In [851]:
import numpy as np
import pandas as pd
import matplotlib.pyplot as plt
import collections

from scipy.stats import poisson, binom, geom

states_df = pd.read_csv("22_cleaned.csv")

In [852]:
#Obtaining the data for TN and TX confirmed cases on a daily basis dated from 10/1/2020 to 12/28/2020
TN_cases = np.array(states_df['TN confirmed'])[251:312]
TX_cases = np.array(states_df['TX confirmed'])[251:312]

In [853]:
#Obtaining the data for TN and TX confirmed cases on a daily basis dated from 10/1/2020 to 12/28/2020
TN_deaths = np.array(states_df['TN deaths'])[251:312]
TX_deaths = np.array(states_df['TX deaths'])[251:312]

**For TN confirmed cases and TX confirmed cases:**

**Null hypothesis (H0):**

Distribution of TN's daily confirmed cases equals distribution of TX's daily confirmed cases from Oct-Dec 2020.

**Alternate hypothesis(H1):**

Distribution of TN's daily confirmed cases not equals distribution of TX's daily confirmed cases from Oct-Dec 2020.




**For TN deaths and TX deaths:**

**Null hypothesis (H0):**

Distribution of TN's daily deaths equals distribution of TX's daily deaths from Oct-Dec 2020.
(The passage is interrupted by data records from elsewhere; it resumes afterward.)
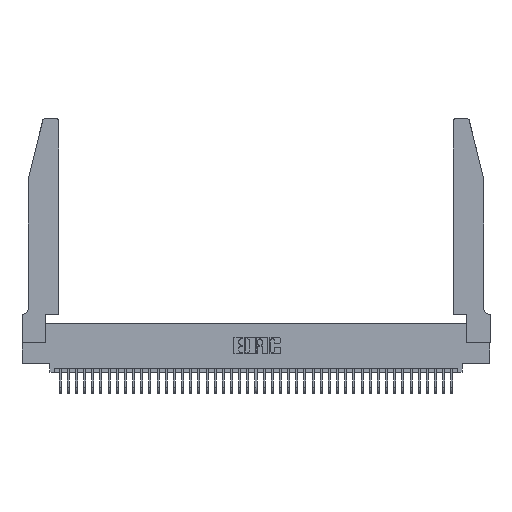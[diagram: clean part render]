
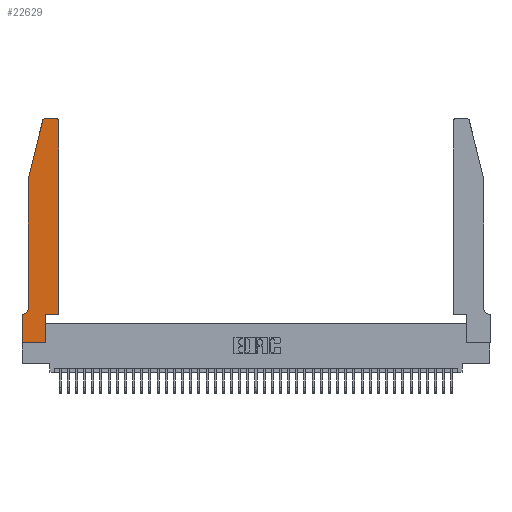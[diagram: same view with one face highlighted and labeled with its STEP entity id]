
A CAD part, top view. The second image highlights one B-rep face of the part: STEP entity #22629.
In plain terms, the highlighted planar face has unit normal (0, 0, 1).
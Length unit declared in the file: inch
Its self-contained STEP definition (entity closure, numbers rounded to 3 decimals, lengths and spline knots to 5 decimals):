
#441 = EDGE_LOOP ( 'NONE', ( #32714, #4043, #14583, #6883, #27617, #30067, #14280, #8827, #23767, #6738, #22883, #2865 ) ) ;
#769 = AXIS2_PLACEMENT_3D ( 'NONE', #42856, #5847, #22546 ) ;
#1963 = CIRCLE ( 'NONE', #5909, 0.03 ) ;
#2351 = EDGE_CURVE ( 'NONE', #9090, #39182, #42327, .T. ) ;
#2553 = EDGE_CURVE ( 'NONE', #10510, #35224, #19440, .T. ) ;
#2655 = CARTESIAN_POINT ( 'NONE',  ( 0.0055, 0.35, 0.37 ) ) ;
#2726 = FACE_OUTER_BOUND ( 'NONE', #441, .T. ) ;
#2865 = ORIENTED_EDGE ( 'NONE', *, *, #34799, .T. ) ;
#3065 = CIRCLE ( 'NONE', #10716, 0.03 ) ;
#3258 = CARTESIAN_POINT ( 'NONE',  ( 0., 0., 0.37 ) ) ;
#4043 = ORIENTED_EDGE ( 'NONE', *, *, #10944, .T. ) ;
#4462 = LINE ( 'NONE', #41244, #41198 ) ;
#5482 = DIRECTION ( 'NONE',  ( -0.239, -0.971, 0. ) ) ;
#5847 = DIRECTION ( 'NONE',  ( 0., 0., 1. ) ) ;
#5909 = AXIS2_PLACEMENT_3D ( 'NONE', #35533, #15136, #38927 ) ;
#6738 = ORIENTED_EDGE ( 'NONE', *, *, #37125, .T. ) ;
#6883 = ORIENTED_EDGE ( 'NONE', *, *, #36104, .T. ) ;
#7356 = CARTESIAN_POINT ( 'NONE',  ( 0., 0.35, 0.37 ) ) ;
#7800 = DIRECTION ( 'NONE',  ( -1., 0., 0. ) ) ;
#8032 = DIRECTION ( 'NONE',  ( -1., 0., 0. ) ) ;
#8514 = CARTESIAN_POINT ( 'NONE',  ( 0.0755, 0.42, 0.37 ) ) ;
#8827 = ORIENTED_EDGE ( 'NONE', *, *, #25747, .T. ) ;
#9042 = DIRECTION ( 'NONE',  ( 1., 0., 0. ) ) ;
#9090 = VERTEX_POINT ( 'NONE', #7356 ) ;
#9540 = VERTEX_POINT ( 'NONE', #29915 ) ;
#10510 = VERTEX_POINT ( 'NONE', #18808 ) ;
#10716 = AXIS2_PLACEMENT_3D ( 'NONE', #11728, #22152, #42482 ) ;
#10944 = EDGE_CURVE ( 'NONE', #42185, #33211, #1963, .T. ) ;
#11728 = CARTESIAN_POINT ( 'NONE',  ( 0.4205, 2.72, 0.37 ) ) ;
#12852 = CARTESIAN_POINT ( 'NONE',  ( 0.2865, 0., 0.37 ) ) ;
#14280 = ORIENTED_EDGE ( 'NONE', *, *, #2351, .T. ) ;
#14583 = ORIENTED_EDGE ( 'NONE', *, *, #29932, .T. ) ;
#14623 = CARTESIAN_POINT ( 'NONE',  ( 0.0055, 0.42, 0.37 ) ) ;
#15136 = DIRECTION ( 'NONE',  ( 0., 0., 1. ) ) ;
#15251 = VERTEX_POINT ( 'NONE', #35574 ) ;
#16436 = VECTOR ( 'NONE', #36011, 39.37008 ) ;
#16474 = CARTESIAN_POINT ( 'NONE',  ( 0.0755, 2., 0.37 ) ) ;
#17641 = LINE ( 'NONE', #39790, #35763 ) ;
#17772 = DIRECTION ( 'NONE',  ( 0., 0., -1. ) ) ;
#17995 = EDGE_CURVE ( 'NONE', #24712, #42185, #39215, .T. ) ;
#18425 = LINE ( 'NONE', #36850, #29112 ) ;
#18808 = CARTESIAN_POINT ( 'NONE',  ( 0.4505, 0.35, 0.37 ) ) ;
#19179 = CARTESIAN_POINT ( 'NONE',  ( 0.4505, 0.35, 0.37 ) ) ;
#19196 = CARTESIAN_POINT ( 'NONE',  ( 0.2865, 0.35, 0.37 ) ) ;
#19440 = LINE ( 'NONE', #19179, #20545 ) ;
#20252 = DIRECTION ( 'NONE',  ( 1., 0., 0. ) ) ;
#20545 = VECTOR ( 'NONE', #32626, 39.37008 ) ;
#21028 = LINE ( 'NONE', #22489, #29547 ) ;
#21572 = VECTOR ( 'NONE', #22933, 39.37008 ) ;
#22152 = DIRECTION ( 'NONE',  ( 0., 0., 1. ) ) ;
#22254 = EDGE_CURVE ( 'NONE', #38191, #29120, #24068, .T. ) ;
#22373 = CARTESIAN_POINT ( 'NONE',  ( 0.2605, 2.75, 0.37 ) ) ;
#22489 = CARTESIAN_POINT ( 'NONE',  ( 0.4505, 0.35, 0.37 ) ) ;
#22546 = DIRECTION ( 'NONE',  ( 1., 0., 0. ) ) ;
#22629 = ADVANCED_FACE ( 'NONE', ( #2726 ), #35748, .T. ) ;
#22883 = ORIENTED_EDGE ( 'NONE', *, *, #2553, .T. ) ;
#22933 = DIRECTION ( 'NONE',  ( 0., -1., 0. ) ) ;
#23540 = CARTESIAN_POINT ( 'NONE',  ( 0., 0., 0.37 ) ) ;
#23767 = ORIENTED_EDGE ( 'NONE', *, *, #40238, .T. ) ;
#24068 = CIRCLE ( 'NONE', #34149, 0.07 ) ;
#24712 = VERTEX_POINT ( 'NONE', #29851 ) ;
#25747 = EDGE_CURVE ( 'NONE', #39182, #41656, #18425, .T. ) ;
#27617 = ORIENTED_EDGE ( 'NONE', *, *, #22254, .T. ) ;
#29112 = VECTOR ( 'NONE', #9042, 39.37008 ) ;
#29120 = VERTEX_POINT ( 'NONE', #2655 ) ;
#29547 = VECTOR ( 'NONE', #20252, 39.37008 ) ;
#29851 = CARTESIAN_POINT ( 'NONE',  ( 0.4205, 2.75, 0.37 ) ) ;
#29915 = CARTESIAN_POINT ( 'NONE',  ( 0.2865, 0.35, 0.37 ) ) ;
#29932 = EDGE_CURVE ( 'NONE', #33211, #15251, #17641, .T. ) ;
#30067 = ORIENTED_EDGE ( 'NONE', *, *, #36264, .T. ) ;
#30192 = CARTESIAN_POINT ( 'NONE',  ( 0.25487, 2.72718, 0.37 ) ) ;
#30258 = VECTOR ( 'NONE', #8032, 39.37008 ) ;
#31764 = VECTOR ( 'NONE', #43555, 39.37008 ) ;
#32626 = DIRECTION ( 'NONE',  ( 0., 1., 0. ) ) ;
#32714 = ORIENTED_EDGE ( 'NONE', *, *, #17995, .T. ) ;
#33211 = VERTEX_POINT ( 'NONE', #30192 ) ;
#34149 = AXIS2_PLACEMENT_3D ( 'NONE', #14623, #17772, #41389 ) ;
#34554 = LINE ( 'NONE', #19196, #16436 ) ;
#34799 = EDGE_CURVE ( 'NONE', #35224, #24712, #3065, .T. ) ;
#34971 = CARTESIAN_POINT ( 'NONE',  ( 0.4505, 2.72, 0.37 ) ) ;
#35224 = VERTEX_POINT ( 'NONE', #34971 ) ;
#35533 = CARTESIAN_POINT ( 'NONE',  ( 0.284, 2.72, 0.37 ) ) ;
#35574 = CARTESIAN_POINT ( 'NONE',  ( 0.0755, 2., 0.37 ) ) ;
#35748 = PLANE ( 'NONE',  #769 ) ;
#35763 = VECTOR ( 'NONE', #5482, 39.37008 ) ;
#36011 = DIRECTION ( 'NONE',  ( 0., 1., 0. ) ) ;
#36104 = EDGE_CURVE ( 'NONE', #15251, #38191, #37495, .T. ) ;
#36264 = EDGE_CURVE ( 'NONE', #29120, #9090, #4462, .T. ) ;
#36850 = CARTESIAN_POINT ( 'NONE',  ( 0., 0., 0.37 ) ) ;
#37125 = EDGE_CURVE ( 'NONE', #9540, #10510, #21028, .T. ) ;
#37495 = LINE ( 'NONE', #16474, #21572 ) ;
#38191 = VERTEX_POINT ( 'NONE', #8514 ) ;
#38927 = DIRECTION ( 'NONE',  ( 1., 0., 0. ) ) ;
#39182 = VERTEX_POINT ( 'NONE', #23540 ) ;
#39215 = LINE ( 'NONE', #22373, #30258 ) ;
#39790 = CARTESIAN_POINT ( 'NONE',  ( 0.0755, 2., 0.37 ) ) ;
#40238 = EDGE_CURVE ( 'NONE', #41656, #9540, #34554, .T. ) ;
#41198 = VECTOR ( 'NONE', #7800, 39.37008 ) ;
#41244 = CARTESIAN_POINT ( 'NONE',  ( 0.0755, 0.35, 0.37 ) ) ;
#41389 = DIRECTION ( 'NONE',  ( -1., 0., 0. ) ) ;
#41656 = VERTEX_POINT ( 'NONE', #12852 ) ;
#42185 = VERTEX_POINT ( 'NONE', #42825 ) ;
#42327 = LINE ( 'NONE', #3258, #31764 ) ;
#42482 = DIRECTION ( 'NONE',  ( 1., 0., 0. ) ) ;
#42825 = CARTESIAN_POINT ( 'NONE',  ( 0.284, 2.75, 0.37 ) ) ;
#42856 = CARTESIAN_POINT ( 'NONE',  ( 0., 0.35, 0.37 ) ) ;
#43555 = DIRECTION ( 'NONE',  ( 0., -1., 0. ) ) ;
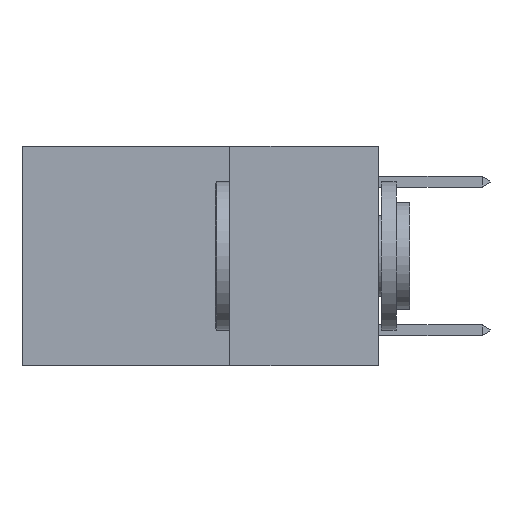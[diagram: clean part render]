
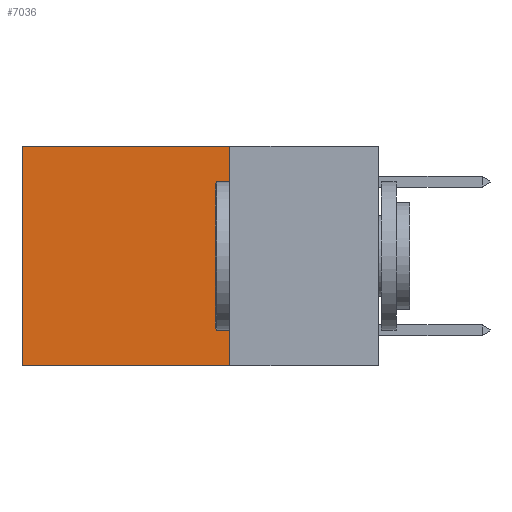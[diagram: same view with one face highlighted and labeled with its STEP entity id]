
A CAD part, left-side view. The second image highlights one B-rep face of the part: STEP entity #7036.
In plain terms, the highlighted planar face has unit normal (-1, 0, 0).
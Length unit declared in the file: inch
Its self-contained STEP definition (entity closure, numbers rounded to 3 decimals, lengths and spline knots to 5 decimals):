
#8 = AXIS2_PLACEMENT_3D ( 'NONE', #4700, #12351, #10849 ) ;
#154 = LINE ( 'NONE', #18532, #13078 ) ;
#290 = FACE_OUTER_BOUND ( 'NONE', #3960, .T. ) ;
#1508 = DIRECTION ( 'NONE',  ( 0., 0., -1. ) ) ;
#2467 = CARTESIAN_POINT ( 'NONE',  ( 0.2625, 0.25, -0.37 ) ) ;
#2901 = VECTOR ( 'NONE', #1508, 39.37008 ) ;
#2958 = VERTEX_POINT ( 'NONE', #6874 ) ;
#3917 = LINE ( 'NONE', #13137, #6605 ) ;
#3960 = EDGE_LOOP ( 'NONE', ( #4642, #15360, #17012, #11257 ) ) ;
#4370 = EDGE_CURVE ( 'NONE', #17530, #2958, #154, .T. ) ;
#4642 = ORIENTED_EDGE ( 'NONE', *, *, #4370, .T. ) ;
#4700 = CARTESIAN_POINT ( 'NONE',  ( 0.2625, 0.25, 0. ) ) ;
#4904 = PLANE ( 'NONE',  #8 ) ;
#5879 = DIRECTION ( 'NONE',  ( 0., 1., 0. ) ) ;
#6605 = VECTOR ( 'NONE', #17549, 39.37008 ) ;
#6691 = EDGE_CURVE ( 'NONE', #14628, #8498, #11177, .T. ) ;
#6874 = CARTESIAN_POINT ( 'NONE',  ( 0.2625, 0.6, -0.37 ) ) ;
#7036 = ADVANCED_FACE ( 'NONE', ( #290 ), #4904, .F. ) ;
#7203 = LINE ( 'NONE', #2467, #10703 ) ;
#7423 = CARTESIAN_POINT ( 'NONE',  ( 0.2625, 0.25, -0.37 ) ) ;
#8498 = VERTEX_POINT ( 'NONE', #7423 ) ;
#10481 = EDGE_CURVE ( 'NONE', #8498, #2958, #7203, .T. ) ;
#10703 = VECTOR ( 'NONE', #5879, 39.37008 ) ;
#10849 = DIRECTION ( 'NONE',  ( 0., 0., -1. ) ) ;
#11114 = CARTESIAN_POINT ( 'NONE',  ( 0.2625, 0.6, 0. ) ) ;
#11177 = LINE ( 'NONE', #15254, #2901 ) ;
#11257 = ORIENTED_EDGE ( 'NONE', *, *, #18497, .T. ) ;
#12351 = DIRECTION ( 'NONE',  ( 1., 0., 0. ) ) ;
#13078 = VECTOR ( 'NONE', #18635, 39.37008 ) ;
#13137 = CARTESIAN_POINT ( 'NONE',  ( 0.2625, 0.25, 0. ) ) ;
#14628 = VERTEX_POINT ( 'NONE', #19581 ) ;
#15254 = CARTESIAN_POINT ( 'NONE',  ( 0.2625, 0.25, 0. ) ) ;
#15360 = ORIENTED_EDGE ( 'NONE', *, *, #10481, .F. ) ;
#17012 = ORIENTED_EDGE ( 'NONE', *, *, #6691, .F. ) ;
#17530 = VERTEX_POINT ( 'NONE', #11114 ) ;
#17549 = DIRECTION ( 'NONE',  ( 0., 1., 0. ) ) ;
#18497 = EDGE_CURVE ( 'NONE', #14628, #17530, #3917, .T. ) ;
#18532 = CARTESIAN_POINT ( 'NONE',  ( 0.2625, 0.6, 0. ) ) ;
#18635 = DIRECTION ( 'NONE',  ( 0., 0., -1. ) ) ;
#19581 = CARTESIAN_POINT ( 'NONE',  ( 0.2625, 0.25, 0. ) ) ;

**Alternate hypothesis(H1):**

Distribution of TN's daily deaths not equals distribution of TX's daily deaths from Oct-Dec 2020.

**PERMUTATION** **TEST**


In [854]:
def permutation_test(TN, TX):

  c = 0.05

  def permutation_sample(data1, data2):
      data = np.concatenate((data1, data2))   
      permuted_data = np.random.permutation(data)   
      perm_sample_1 = permuted_data[:len(data1)]
      perm_sample_2 = permuted_data[len(data1):]   
      return perm_sample_1, perm_sample_2

  def draw_perm_reps(data_1, data_2, size):
      perm_replicates = np.empty(size)    
      for i in range(size):
          perm_sample_1, perm_sample_2 = permutation_sample(data_1, data_2)        
          perm_replicates[i] = abs(np.mean(perm_sample_1) - np.mean(perm_sample_2))    
      return perm_replicates


  T_obs_b = abs(np.mean(TN) - np.mean(TX))
  T_obs_b

  print("T-Observed is:", T_obs_b)

  #Using 1000 permutations
  for n in [1000]:
      perm_replicates = draw_perm_reps(TN,TX,n)
      p_b = np.sum(perm_replicates >= T_obs_b)/len(perm_replicates)
      print("n:",n," p-value is:", p_b)
      

  if(p_b <= c):
          print("Hence, we REJECT the Null Hypothesis")
  else:
          print("Hence, we ACCEPT the Null Hypothesis")        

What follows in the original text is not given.